Becker warf Landwirtschaftsministerin Michaela Kaniber (CSU) vor, zwar im Bericht «viele blumige Worte über die Leistungen des Ökolandbaus» und zur Artenvielfalt zu finden. Dennoch fehle ein Bekenntnis zu einer verbindlichen 30 Prozent Bio-Quote beim Lebensmitteleinkauf der öffentlichen Hand. «Aktuell liegt dort die Bio-Quote bei etwas über einem Prozent. So wird ganz offen das 30-Prozent-Ausbauziel im Naturschutzgesetz missachtet und dass, obwohl dieses Ziel von über 1,7 Millionen Menschen in Bayern unterstützt wurde. Das sollte die Ministerin beschämen.»
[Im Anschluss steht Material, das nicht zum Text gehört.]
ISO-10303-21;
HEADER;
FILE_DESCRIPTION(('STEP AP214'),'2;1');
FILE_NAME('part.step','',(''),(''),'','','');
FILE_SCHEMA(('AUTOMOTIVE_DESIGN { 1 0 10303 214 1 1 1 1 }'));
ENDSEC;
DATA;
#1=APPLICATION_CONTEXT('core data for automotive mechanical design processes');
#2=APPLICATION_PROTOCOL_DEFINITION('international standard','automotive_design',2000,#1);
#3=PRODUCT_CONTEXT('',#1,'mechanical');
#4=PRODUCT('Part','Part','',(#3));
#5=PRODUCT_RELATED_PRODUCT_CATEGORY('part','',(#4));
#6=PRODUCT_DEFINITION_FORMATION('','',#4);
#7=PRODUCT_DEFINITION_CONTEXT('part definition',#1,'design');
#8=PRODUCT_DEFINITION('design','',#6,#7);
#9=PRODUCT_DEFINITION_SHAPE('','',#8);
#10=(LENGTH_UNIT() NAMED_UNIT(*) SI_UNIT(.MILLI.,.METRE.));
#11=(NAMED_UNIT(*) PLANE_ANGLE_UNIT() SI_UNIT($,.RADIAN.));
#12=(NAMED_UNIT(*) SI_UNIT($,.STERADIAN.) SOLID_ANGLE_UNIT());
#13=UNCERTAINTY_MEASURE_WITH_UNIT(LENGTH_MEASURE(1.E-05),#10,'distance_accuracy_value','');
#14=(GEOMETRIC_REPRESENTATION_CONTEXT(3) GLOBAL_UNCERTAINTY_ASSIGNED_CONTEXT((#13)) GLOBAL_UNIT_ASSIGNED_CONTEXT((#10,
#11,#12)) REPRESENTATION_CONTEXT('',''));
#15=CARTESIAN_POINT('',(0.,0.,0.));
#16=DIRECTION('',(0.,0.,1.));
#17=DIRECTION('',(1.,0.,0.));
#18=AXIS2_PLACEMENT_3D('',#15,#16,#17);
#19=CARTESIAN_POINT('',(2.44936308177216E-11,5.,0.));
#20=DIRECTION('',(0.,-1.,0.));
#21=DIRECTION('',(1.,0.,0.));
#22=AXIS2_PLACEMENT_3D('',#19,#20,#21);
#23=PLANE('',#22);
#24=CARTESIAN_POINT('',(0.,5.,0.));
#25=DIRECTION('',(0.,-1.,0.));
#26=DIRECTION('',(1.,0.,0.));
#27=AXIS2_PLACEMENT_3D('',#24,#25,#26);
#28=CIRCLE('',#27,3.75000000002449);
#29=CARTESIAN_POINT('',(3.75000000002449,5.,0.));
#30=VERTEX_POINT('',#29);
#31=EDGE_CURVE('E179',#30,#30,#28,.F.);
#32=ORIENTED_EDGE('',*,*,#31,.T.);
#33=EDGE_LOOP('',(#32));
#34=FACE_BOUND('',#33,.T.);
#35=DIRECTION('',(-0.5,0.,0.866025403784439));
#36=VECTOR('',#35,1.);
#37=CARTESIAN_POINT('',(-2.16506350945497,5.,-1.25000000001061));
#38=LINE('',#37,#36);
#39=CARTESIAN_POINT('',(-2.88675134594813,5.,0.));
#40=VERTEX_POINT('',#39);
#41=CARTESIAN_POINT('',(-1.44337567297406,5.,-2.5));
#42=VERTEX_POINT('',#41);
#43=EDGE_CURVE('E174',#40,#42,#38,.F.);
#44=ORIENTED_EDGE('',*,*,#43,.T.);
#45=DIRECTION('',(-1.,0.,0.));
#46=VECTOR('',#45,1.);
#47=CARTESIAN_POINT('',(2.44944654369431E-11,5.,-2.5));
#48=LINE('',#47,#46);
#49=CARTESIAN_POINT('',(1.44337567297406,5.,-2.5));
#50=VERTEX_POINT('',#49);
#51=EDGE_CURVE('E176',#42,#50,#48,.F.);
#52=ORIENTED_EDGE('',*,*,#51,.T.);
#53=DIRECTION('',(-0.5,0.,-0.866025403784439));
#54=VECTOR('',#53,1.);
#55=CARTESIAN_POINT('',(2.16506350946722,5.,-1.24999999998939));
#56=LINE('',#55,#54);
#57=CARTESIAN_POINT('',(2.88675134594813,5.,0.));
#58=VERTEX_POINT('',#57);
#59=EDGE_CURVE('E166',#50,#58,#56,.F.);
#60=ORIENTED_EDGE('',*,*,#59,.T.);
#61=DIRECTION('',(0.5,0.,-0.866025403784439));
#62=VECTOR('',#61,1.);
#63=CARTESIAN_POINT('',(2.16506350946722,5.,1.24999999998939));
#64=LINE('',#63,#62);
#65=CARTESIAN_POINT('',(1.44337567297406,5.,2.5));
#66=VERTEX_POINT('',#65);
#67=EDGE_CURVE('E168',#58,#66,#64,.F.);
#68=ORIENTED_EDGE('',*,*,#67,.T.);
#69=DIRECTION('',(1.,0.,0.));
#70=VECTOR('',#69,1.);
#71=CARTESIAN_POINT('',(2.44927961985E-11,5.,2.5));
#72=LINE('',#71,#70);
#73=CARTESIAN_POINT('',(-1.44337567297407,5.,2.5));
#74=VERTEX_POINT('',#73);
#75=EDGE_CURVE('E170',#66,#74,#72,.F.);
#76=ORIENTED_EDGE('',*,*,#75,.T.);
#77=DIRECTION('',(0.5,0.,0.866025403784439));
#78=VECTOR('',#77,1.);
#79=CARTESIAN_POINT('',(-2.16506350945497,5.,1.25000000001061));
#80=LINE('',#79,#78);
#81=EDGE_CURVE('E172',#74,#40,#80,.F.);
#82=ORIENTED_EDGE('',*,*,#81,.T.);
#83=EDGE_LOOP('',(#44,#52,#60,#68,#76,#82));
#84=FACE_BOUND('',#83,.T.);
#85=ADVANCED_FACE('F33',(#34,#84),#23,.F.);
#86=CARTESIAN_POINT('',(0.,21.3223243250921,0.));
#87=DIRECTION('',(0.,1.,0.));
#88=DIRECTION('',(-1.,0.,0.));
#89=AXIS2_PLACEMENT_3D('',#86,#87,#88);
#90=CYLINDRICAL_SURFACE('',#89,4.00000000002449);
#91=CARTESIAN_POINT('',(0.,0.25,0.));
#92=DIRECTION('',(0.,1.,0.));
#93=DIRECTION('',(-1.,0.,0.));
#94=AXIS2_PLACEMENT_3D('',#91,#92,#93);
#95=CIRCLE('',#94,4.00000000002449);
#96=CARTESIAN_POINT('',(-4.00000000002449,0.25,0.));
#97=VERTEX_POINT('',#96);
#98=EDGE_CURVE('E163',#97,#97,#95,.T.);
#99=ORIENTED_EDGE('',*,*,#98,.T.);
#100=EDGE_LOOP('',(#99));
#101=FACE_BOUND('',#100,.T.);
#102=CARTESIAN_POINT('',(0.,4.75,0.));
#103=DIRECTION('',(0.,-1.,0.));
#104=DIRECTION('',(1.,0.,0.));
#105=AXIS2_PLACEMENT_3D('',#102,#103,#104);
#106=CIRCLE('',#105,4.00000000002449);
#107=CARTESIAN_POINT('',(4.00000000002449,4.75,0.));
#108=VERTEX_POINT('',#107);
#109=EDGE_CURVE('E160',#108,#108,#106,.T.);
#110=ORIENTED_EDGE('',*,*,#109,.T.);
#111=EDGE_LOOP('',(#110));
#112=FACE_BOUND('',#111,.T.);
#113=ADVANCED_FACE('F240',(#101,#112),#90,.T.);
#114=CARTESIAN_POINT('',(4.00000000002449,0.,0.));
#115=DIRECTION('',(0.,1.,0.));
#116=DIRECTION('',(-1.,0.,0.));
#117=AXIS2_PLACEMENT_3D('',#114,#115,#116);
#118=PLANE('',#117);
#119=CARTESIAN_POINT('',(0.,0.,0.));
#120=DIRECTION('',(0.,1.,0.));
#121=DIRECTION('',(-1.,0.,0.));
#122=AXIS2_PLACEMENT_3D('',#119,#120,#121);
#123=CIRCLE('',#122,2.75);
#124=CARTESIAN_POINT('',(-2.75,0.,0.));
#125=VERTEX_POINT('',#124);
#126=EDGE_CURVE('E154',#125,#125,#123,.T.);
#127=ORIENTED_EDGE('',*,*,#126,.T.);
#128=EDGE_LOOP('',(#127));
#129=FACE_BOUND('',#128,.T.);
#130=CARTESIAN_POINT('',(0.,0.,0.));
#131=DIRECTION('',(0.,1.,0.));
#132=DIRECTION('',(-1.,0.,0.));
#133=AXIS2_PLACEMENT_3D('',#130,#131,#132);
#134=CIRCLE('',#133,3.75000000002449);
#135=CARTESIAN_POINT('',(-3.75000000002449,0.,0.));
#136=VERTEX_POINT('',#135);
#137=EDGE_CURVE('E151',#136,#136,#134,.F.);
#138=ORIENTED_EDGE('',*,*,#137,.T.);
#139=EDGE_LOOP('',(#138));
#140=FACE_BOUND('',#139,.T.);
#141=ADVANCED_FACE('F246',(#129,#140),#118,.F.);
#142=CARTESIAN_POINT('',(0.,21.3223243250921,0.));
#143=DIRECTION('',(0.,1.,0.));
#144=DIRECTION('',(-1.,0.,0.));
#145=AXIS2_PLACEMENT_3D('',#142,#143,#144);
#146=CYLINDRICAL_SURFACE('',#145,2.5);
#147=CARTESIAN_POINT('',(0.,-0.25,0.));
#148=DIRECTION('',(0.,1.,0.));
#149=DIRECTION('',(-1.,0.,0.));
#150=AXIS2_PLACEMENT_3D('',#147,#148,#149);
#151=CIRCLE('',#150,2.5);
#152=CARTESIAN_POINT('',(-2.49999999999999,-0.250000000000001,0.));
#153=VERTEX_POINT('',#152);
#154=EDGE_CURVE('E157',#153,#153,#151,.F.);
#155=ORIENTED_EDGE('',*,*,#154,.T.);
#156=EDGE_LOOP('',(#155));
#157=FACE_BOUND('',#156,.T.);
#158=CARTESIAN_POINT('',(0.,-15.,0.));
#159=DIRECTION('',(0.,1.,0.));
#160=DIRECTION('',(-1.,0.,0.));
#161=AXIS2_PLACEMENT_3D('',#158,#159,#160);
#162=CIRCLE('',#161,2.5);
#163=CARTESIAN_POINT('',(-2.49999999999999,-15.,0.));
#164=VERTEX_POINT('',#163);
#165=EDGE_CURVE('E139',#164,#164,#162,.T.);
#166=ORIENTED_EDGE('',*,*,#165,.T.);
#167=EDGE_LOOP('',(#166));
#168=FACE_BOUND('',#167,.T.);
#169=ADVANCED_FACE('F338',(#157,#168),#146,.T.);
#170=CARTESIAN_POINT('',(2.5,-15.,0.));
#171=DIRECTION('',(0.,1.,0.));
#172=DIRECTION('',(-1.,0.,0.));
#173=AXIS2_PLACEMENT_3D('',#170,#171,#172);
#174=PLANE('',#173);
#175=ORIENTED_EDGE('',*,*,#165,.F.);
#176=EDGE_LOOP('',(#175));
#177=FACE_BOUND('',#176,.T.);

Auch der Bund Naturschutz (BN) warf Kaniber vor, das absehbare Scheitern billigend in Kauf zu nehmen: «Der Ökolandbau ist ein zentraler Baustein für den Schutz von Boden, Wasser, Klima und Artenvielfalt. Doch anstatt ihn konsequent zu stärken, wird er weiterhin durch bürokratische Hürden und mangelnde Planungssicherheit ausgebremst», sagte der BN-Landesbeauftragte Martin Geilhufe in München.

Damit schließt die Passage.